# Bianchi project 1 hybrid



## erickk (Aug 24, 2008)

Hi everybody,
Im new to biking and i just bought a used Bianchi Project 1 hybrid, and i was wondering does anybody know the quality and history of this bike? Thanks
Eric


----------



## erickk (Aug 24, 2008)

erickk said:


> Hi everybody,
> Im new to biking and i just bought a used Bianchi Project 1 hybrid, and i was wondering does anybody know the quality and history of this bike? Thanks
> Eric


bike information link is here:
http://www.bikepedia.com/QuickBike/BikeSpecs.aspx?Year=1995&Brand=Bianchi&Model=Project-1&Type=bike
It was replaced with WTB speed V seat and front tires were replaced.
Anybody got any idea?


----------



## logbiter (Sep 14, 2005)

These are great 'monster cross' bikes. nothing exciting component wise, but you can run with skinny or fat tires (probably up to 42-45). Try searching either the 29er or VRC forums over at mtbr.com for some more info. I know there was some threads about 'em in there.

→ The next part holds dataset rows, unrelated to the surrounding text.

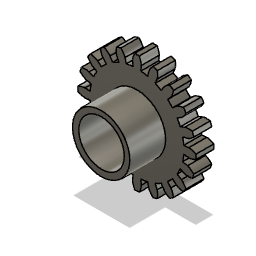
assembly (Autodesk Fusion 360 archive; units mm, degrees)
design "Small Gear(30mm)"
Autodesk Fusion 360 part; units mm, degrees
sketch "Sketch1" plane through (0, 0, 0) normal (0, 0, 1) x (1, 0, 0)
  spline S0 degree 5 poles (14.4718, -1.2197) (14.4719, -1.2197) (14.4721, -1.2197) (14.4724, -1.2198) (14.473, -1.2198) (14.4738, -1.2199) (14.4747, -1.2199) (14.4757, -1.22) (14.4769, -1.22) (14.4781, -1.2201) (14.4795, -1.2202) (14.481, -1.2203) (14.4826, -1.2203) (14.4844, -1.2204) (14.4862, -1.2205) (14.4881, -1.2205) (14.4902, -1.2206) (14.4923, -1.2207) (14.4946, -1.2207) (14.497, -1.2208) (14.4994, -1.2209) (14.502, -1.2209) (14.5047, -1.221) (14.5074, -1.221) (14.5103, -1.221) (14.5133, -1.2211) (14.5163, -1.2211) (14.5195, -1.2211) (14.5227, -1.2211) (14.5261, -1.2211) (14.5295, -1.2211) (14.533, -1.2211) (14.5366, -1.221) (14.5403, -1.221) (14.5441, -1.2209) (14.548, -1.2208) (14.5519, -1.2208) (14.556, -1.2207) (14.5601, -1.2206) (14.5643, -1.2204) (14.5686, -1.2203) (14.573, -1.2202) (14.5775, -1.22) (14.582, -1.2198) (14.5866, -1.2196) (14.5913, -1.2194) (14.5961, -1.2192) (14.601, -1.219) (14.6059, -1.2187) (14.6109, -1.2185) (14.616, -1.2182) (14.6212, -1.2179) (14.6264, -1.2176) (14.6317, -1.2172) (14.6371, -1.2169) (14.6425, -1.2165) (14.648, -1.2161) (14.6536, -1.2157) (14.6593, -1.2153) (14.665, -1.2148) (14.6708, -1.2143) (14.6767, -1.2139) (14.6827, -1.2133) (14.6887, -1.2128) (14.6947, -1.2123) (14.7009, -1.2117) (14.7071, -1.2111) (14.7133, -1.2105) (14.7197, -1.2098) (14.7261, -1.2092) (14.7325, -1.2085) (14.7391, -1.2078) (14.7457, -1.2071) (14.7523, -1.2063) (14.759, -1.2056) (14.7658, -1.2048) (14.7726, -1.204) (14.7795, -1.2031) (14.7865, -1.2023) (14.7935, -1.2014) (14.8006, -1.2005) (14.8077, -1.1995) (14.8149, -1.1986) (14.8221, -1.1976) (14.8294, -1.1966) (14.8368, -1.1955) (14.8442, -1.1945) (14.8517, -1.1934) (14.8592, -1.1923) (14.8668, -1.1911) (14.8744, -1.19) (14.8821, -1.1888) (14.8899, -1.1876) (14.8977, -1.1863) (14.9055, -1.1851) (14.9134, -1.1838) (14.9214, -1.1825) (14.9294, -1.1811) (14.9375, -1.1797) (14.9456, -1.1783) (14.9537, -1.1769) (14.9619, -1.1754) (14.9702, -1.174) (14.9785, -1.1724) (14.9869, -1.1709) (14.9953, -1.1693) (15.0037, -1.1677) (15.0122, -1.1661) (15.0208, -1.1645) (15.0294, -1.1628) (15.038, -1.1611) (15.0467, -1.1593) (15.0555, -1.1576) (15.0643, -1.1558) (15.0731, -1.1539) (15.082, -1.1521) (15.0909, -1.1502) (15.0999, -1.1483) (15.1089, -1.1463) (15.1179, -1.1444) (15.127, -1.1423) (15.1362, -1.1403) (15.1454, -1.1382) (15.1546, -1.1361) (15.1639, -1.134) (15.1732, -1.1319) (15.1825, -1.1297) (15.1919, -1.1275) (15.2014, -1.1252) (15.2109, -1.1229) (15.2204, -1.1206) (15.2299, -1.1183) (15.2395, -1.1159) (15.2492, -1.1135) (15.2589, -1.1111) (15.2686, -1.1086) (15.2783, -1.1061) (15.2881, -1.1036) (15.298, -1.101) (15.3079, -1.0984) (15.3178, -1.0958) (15.3277, -1.0931) (15.3377, -1.0905) (15.3477, -1.0877) (15.3578, -1.085) (15.3679, -1.0822) (15.3781, -1.0794) (15.3882, -1.0765) (15.3984, -1.0737) (15.4087, -1.0707) (15.419, -1.0678) (15.4293, -1.0648) (15.4396, -1.0618) (15.45, -1.0587) (15.4604, -1.0557) (15.4709, -1.0526) (15.4814, -1.0494) (15.4919, -1.0462) (15.5025, -1.043) (15.513, -1.0398) (15.5237, -1.0365) (15.5343, -1.0332) (15.545, -1.0298) (15.5557, -1.0265) (15.5665, -1.0231) (15.5773, -1.0196) (15.5881, -1.0161) (15.5989, -1.0126) (15.6098, -1.0091) (15.6207, -1.0055) (15.6317, -1.0019) (15.6426, -0.9982) (15.6536, -0.9945) (15.6647, -0.9908) (15.6757, -0.9871) (15.6868, -0.9833) (15.6979, -0.9795) (15.7091, -0.9756) (15.7203, -0.9717) (15.7315, -0.9678) (15.7427, -0.9638) (15.754, -0.9598) (15.7653, -0.9558) (15.7766, -0.9518) (15.7879, -0.9477) (15.7993, -0.9435) (15.8107, -0.9394) (15.8222, -0.9352) (15.8336, -0.9309) (15.8451, -0.9267) (15.8566, -0.9223) (15.8681, -0.918) (15.8797, -0.9136) (15.8913, -0.9092) (15.9029, -0.9048) (15.9146, -0.9003) (15.9262, -0.8958) (15.9379, -0.8912) (15.9496, -0.8866) (15.9614, -0.882) (15.9731, -0.8773) (15.9849, -0.8727) (15.9967, -0.8679) (16.0086, -0.8632) (16.0205, -0.8584) (16.0323, -0.8535) (16.0442, -0.8487) (16.0562, -0.8437) (16.0681, -0.8388) (16.0801, -0.8338) (16.0921, -0.8288) (16.1041, -0.8238) (16.1162, -0.8187) (16.1283, -0.8135) (16.1404, -0.8084) (16.1525, -0.8032) (16.1646, -0.798) (16.1768, -0.7927) (16.1889, -0.7874) (16.2011, -0.7821) (16.2134, -0.7767) (16.2256, -0.7713) (16.2379, -0.7658) (16.2502, -0.7603) (16.2625, -0.7548) (16.2748, -0.7493) (16.2871, -0.7437) (16.2995, -0.738) (16.3119, -0.7324) (16.3243, -0.7267) (16.3367, -0.7209) (16.3491, -0.7152) (16.3616, -0.7094) (16.3741, -0.7035) (16.3866, -0.6976) (16.3991, -0.6917) (16.4116, -0.6858) (16.4242, -0.6798) (16.4368, -0.6737) (16.4493, -0.6677) (16.4619, -0.6616) (16.472, -0.6567) (16.4796, -0.653) (16.4847, -0.6505) (16.4872, -0.6492) knots 0 0 0 0 0 0 0.00416667 0.00833333 0.0125 0.01666667 0.02083333 0.025 0.02916667 0.03333333 0.0375 0.04166667 0.04583333 0.05 0.05416667 0.05833333 0.0625 0.06666667 0.07083333 0.075 0.07916667 0.08333333 0.0875 0.09166667 0.09583333 0.1 0.10416667 0.10833333 0.1125 0.11666667 0.12083333 0.125 0.12916667 0.13333333 0.1375 0.14166667 0.14583333 0.15 0.15416667 0.15833333 0.1625 0.16666667 0.17083333 0.175 0.17916667 0.18333333 0.1875 0.19166667 0.19583333 0.2 0.20416667 0.20833333 0.2125 0.21666667 0.22083333 0.225 0.22916667 0.23333333 0.2375 0.24166667 0.24583333 0.25 0.25416667 0.25833333 0.2625 0.26666667 0.27083333 0.275 0.27916667 0.28333333 0.2875 0.29166667 0.29583333 0.3 0.30416667 0.30833333 0.3125 0.31666667 0.32083333 0.325 0.32916667 0.33333333 0.3375 0.34166667 0.34583333 0.35 0.35416667 0.35833333 0.3625 0.36666667 0.37083333 0.375 0.37916667 0.38333333 0.3875 0.39166667 0.39583333 0.4 0.40416667 0.40833333 0.4125 0.41666667 0.42083333 0.425 0.42916667 0.43333333 0.4375 0.44166667 0.44583333 0.45 0.45416667 0.45833333 0.4625 0.46666667 0.47083333 0.475 0.47916667 0.48333333 0.4875 0.49166667 0.49583333 0.5 0.50416667 0.50833333 0.5125 0.51666667 0.52083333 0.525 0.52916667 0.53333333 0.5375 0.54166667 0.54583333 0.55 0.55416667 0.55833333 0.5625 0.56666667 0.57083333 0.575 0.57916667 0.58333333 0.5875 0.59166667 0.59583333 0.6 0.60416667 0.60833333 0.6125 0.61666667 0.62083333 0.625 0.62916667 0.63333333 0.6375 0.64166667 0.64583333 0.65 0.65416667 0.65833333 0.6625 0.66666667 0.67083333 0.675 0.67916667 0.68333333 0.6875 0.69166667 0.69583333 0.7 0.70416667 0.70833333 0.7125 0.71666667 0.72083333 0.725 0.72916667 0.73333333 0.7375 0.74166667 0.74583333 0.75 0.75416667 0.75833333 0.7625 0.76666667 0.77083333 0.775 0.77916667 0.78333333 0.7875 0.79166667 0.79583333 0.8 0.80416667 0.80833333 0.8125 0.81666667 0.82083333 0.825 0.82916667 0.83333333 0.8375 0.84166667 0.84583333 0.85 0.85416667 0.85833333 0.8625 0.86666667 0.87083333 0.875 0.87916667 0.88333333 0.8875 0.89166667 0.89583333 0.9 0.90416667 0.90833333 0.9125 0.91666667 0.92083333 0.925 0.92916667 0.93333333 0.9375 0.94166667 0.94583333 0.95 0.95416667 0.95833333 0.9625 0.96666667 0.97083333 0.975 0.97916667 0.98333333 0.9875 0.99166667 0.99583333 1 1 1 1 1 1
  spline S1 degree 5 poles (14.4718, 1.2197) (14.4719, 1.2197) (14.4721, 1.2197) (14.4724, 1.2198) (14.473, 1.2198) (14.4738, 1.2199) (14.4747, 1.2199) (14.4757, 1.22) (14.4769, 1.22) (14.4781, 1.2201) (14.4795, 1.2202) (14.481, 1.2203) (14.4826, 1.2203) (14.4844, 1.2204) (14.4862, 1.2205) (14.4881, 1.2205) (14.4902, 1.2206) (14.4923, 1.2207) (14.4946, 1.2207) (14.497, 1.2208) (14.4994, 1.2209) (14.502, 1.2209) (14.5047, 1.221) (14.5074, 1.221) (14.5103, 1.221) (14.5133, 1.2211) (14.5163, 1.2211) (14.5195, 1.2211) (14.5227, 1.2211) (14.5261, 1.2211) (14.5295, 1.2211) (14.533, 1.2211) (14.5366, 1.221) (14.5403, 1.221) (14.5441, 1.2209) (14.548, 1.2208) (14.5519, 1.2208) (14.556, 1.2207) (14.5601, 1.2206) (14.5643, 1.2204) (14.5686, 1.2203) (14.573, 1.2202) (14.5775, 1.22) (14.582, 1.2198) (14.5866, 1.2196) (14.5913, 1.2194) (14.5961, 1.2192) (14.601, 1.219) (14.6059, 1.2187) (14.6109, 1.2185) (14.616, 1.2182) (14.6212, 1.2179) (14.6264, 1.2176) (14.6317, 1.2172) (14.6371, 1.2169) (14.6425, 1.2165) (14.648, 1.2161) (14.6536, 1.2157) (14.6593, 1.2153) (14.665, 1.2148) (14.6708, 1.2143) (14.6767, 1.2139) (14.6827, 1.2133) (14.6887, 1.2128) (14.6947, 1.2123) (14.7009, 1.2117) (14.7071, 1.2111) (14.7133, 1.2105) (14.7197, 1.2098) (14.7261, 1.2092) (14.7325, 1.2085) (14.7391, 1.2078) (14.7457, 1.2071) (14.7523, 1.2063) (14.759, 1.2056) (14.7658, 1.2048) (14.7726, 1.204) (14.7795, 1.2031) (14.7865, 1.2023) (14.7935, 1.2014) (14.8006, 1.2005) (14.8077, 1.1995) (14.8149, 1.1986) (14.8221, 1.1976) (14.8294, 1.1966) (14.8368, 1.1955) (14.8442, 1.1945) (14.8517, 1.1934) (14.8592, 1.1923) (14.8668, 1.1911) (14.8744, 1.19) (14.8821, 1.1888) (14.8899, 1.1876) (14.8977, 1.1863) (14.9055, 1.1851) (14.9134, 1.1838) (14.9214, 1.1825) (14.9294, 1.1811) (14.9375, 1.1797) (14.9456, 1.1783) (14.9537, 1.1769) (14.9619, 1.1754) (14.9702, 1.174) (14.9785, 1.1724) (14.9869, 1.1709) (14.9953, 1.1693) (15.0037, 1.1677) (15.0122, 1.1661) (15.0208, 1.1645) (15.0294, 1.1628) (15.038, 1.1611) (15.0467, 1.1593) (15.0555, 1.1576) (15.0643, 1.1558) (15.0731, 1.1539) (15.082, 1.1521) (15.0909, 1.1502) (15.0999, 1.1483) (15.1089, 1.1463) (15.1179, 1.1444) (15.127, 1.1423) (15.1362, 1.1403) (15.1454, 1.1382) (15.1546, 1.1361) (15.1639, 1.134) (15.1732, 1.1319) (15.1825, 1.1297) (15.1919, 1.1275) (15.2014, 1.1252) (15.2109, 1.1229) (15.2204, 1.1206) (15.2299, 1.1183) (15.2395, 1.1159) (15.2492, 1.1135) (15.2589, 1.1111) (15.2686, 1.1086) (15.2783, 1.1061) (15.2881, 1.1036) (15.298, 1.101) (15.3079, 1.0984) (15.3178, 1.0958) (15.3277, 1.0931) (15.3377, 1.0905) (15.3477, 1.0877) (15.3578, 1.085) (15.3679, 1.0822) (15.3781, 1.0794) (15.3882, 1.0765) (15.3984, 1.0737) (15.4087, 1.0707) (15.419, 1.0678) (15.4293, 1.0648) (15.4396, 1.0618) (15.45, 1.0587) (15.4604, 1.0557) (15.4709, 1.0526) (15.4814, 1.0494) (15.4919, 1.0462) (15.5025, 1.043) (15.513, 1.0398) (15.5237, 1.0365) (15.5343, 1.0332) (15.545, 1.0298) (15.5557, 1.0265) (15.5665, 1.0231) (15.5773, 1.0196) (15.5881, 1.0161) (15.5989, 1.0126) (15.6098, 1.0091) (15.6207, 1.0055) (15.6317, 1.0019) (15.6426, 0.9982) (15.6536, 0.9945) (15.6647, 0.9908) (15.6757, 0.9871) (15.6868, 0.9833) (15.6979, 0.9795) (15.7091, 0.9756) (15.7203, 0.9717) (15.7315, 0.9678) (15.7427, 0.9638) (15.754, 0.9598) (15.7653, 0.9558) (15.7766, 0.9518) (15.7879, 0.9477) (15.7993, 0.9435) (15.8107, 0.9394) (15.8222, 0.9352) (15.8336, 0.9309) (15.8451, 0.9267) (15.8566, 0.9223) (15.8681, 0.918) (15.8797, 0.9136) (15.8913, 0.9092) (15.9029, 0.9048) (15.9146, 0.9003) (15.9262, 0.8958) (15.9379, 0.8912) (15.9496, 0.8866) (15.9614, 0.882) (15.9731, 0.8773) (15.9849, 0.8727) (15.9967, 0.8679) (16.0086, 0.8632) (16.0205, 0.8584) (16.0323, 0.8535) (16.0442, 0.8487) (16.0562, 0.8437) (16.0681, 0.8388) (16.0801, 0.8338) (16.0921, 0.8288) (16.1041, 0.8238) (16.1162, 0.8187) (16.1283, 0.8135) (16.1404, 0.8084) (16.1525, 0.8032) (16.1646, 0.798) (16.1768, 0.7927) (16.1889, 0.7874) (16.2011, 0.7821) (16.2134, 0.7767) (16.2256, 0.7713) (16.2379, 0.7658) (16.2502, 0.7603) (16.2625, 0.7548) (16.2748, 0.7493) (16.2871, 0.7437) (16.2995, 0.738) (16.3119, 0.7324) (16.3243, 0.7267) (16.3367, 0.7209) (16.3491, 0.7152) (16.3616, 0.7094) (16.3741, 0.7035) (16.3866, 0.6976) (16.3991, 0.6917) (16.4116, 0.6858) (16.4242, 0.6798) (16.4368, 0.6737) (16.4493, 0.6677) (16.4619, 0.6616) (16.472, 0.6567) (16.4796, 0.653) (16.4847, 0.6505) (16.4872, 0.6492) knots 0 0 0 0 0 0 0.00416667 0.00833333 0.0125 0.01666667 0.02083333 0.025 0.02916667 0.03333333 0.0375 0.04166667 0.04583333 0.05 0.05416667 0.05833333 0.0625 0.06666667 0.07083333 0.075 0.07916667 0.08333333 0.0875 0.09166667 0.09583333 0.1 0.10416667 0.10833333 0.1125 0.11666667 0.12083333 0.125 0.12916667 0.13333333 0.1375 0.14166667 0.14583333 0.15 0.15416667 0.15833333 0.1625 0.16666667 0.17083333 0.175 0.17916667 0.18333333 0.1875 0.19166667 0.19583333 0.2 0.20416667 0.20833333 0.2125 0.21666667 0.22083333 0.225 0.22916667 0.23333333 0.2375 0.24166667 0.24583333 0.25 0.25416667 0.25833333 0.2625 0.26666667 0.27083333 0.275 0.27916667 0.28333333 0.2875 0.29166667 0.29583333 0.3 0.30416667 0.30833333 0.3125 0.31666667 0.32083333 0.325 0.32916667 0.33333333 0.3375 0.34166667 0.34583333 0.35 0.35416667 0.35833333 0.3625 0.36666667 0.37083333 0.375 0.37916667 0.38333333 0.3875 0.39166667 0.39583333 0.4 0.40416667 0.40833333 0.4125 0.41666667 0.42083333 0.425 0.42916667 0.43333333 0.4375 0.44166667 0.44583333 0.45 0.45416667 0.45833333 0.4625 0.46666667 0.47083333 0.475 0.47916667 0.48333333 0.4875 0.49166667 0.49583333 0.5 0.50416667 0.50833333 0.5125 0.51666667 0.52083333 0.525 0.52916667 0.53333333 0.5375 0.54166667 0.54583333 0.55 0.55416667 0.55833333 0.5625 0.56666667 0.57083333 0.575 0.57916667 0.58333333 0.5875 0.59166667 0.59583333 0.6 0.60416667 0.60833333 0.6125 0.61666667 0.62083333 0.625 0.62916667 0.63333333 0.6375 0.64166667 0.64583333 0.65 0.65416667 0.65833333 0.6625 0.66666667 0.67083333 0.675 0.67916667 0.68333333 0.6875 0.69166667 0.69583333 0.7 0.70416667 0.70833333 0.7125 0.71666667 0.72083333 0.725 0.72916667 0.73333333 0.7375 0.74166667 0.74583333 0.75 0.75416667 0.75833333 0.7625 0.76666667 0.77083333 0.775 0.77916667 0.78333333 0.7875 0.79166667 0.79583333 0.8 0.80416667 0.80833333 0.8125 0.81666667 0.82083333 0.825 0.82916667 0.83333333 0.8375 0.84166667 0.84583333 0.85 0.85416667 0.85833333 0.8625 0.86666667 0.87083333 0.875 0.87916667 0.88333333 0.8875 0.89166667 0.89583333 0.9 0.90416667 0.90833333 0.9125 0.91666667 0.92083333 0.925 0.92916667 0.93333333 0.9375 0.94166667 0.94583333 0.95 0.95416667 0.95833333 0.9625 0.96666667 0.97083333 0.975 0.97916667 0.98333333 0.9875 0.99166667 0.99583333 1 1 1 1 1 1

Decent Japanese or Taiwanese cromo frame, fun offroader, if you're into that. 
Is it lugged? I'm surprised you'd still see that circa '95.


----------



## erickk (Aug 24, 2008)

logbiter said:


> These are great 'monster cross' bikes. nothing exciting component wise, but you can run with skinny or fat tires (probably up to 42-45). Try searching either the 29er or VRC forums over at mtbr.com for some more info. I know there was some threads about 'em in there.
> 
> Decent Japanese or Taiwanese cromo frame, fun offroader, if you're into that.
> Is it lugged? I'm surprised you'd still see that circa '95.


Thanks for the info and yes it is lugged.


----------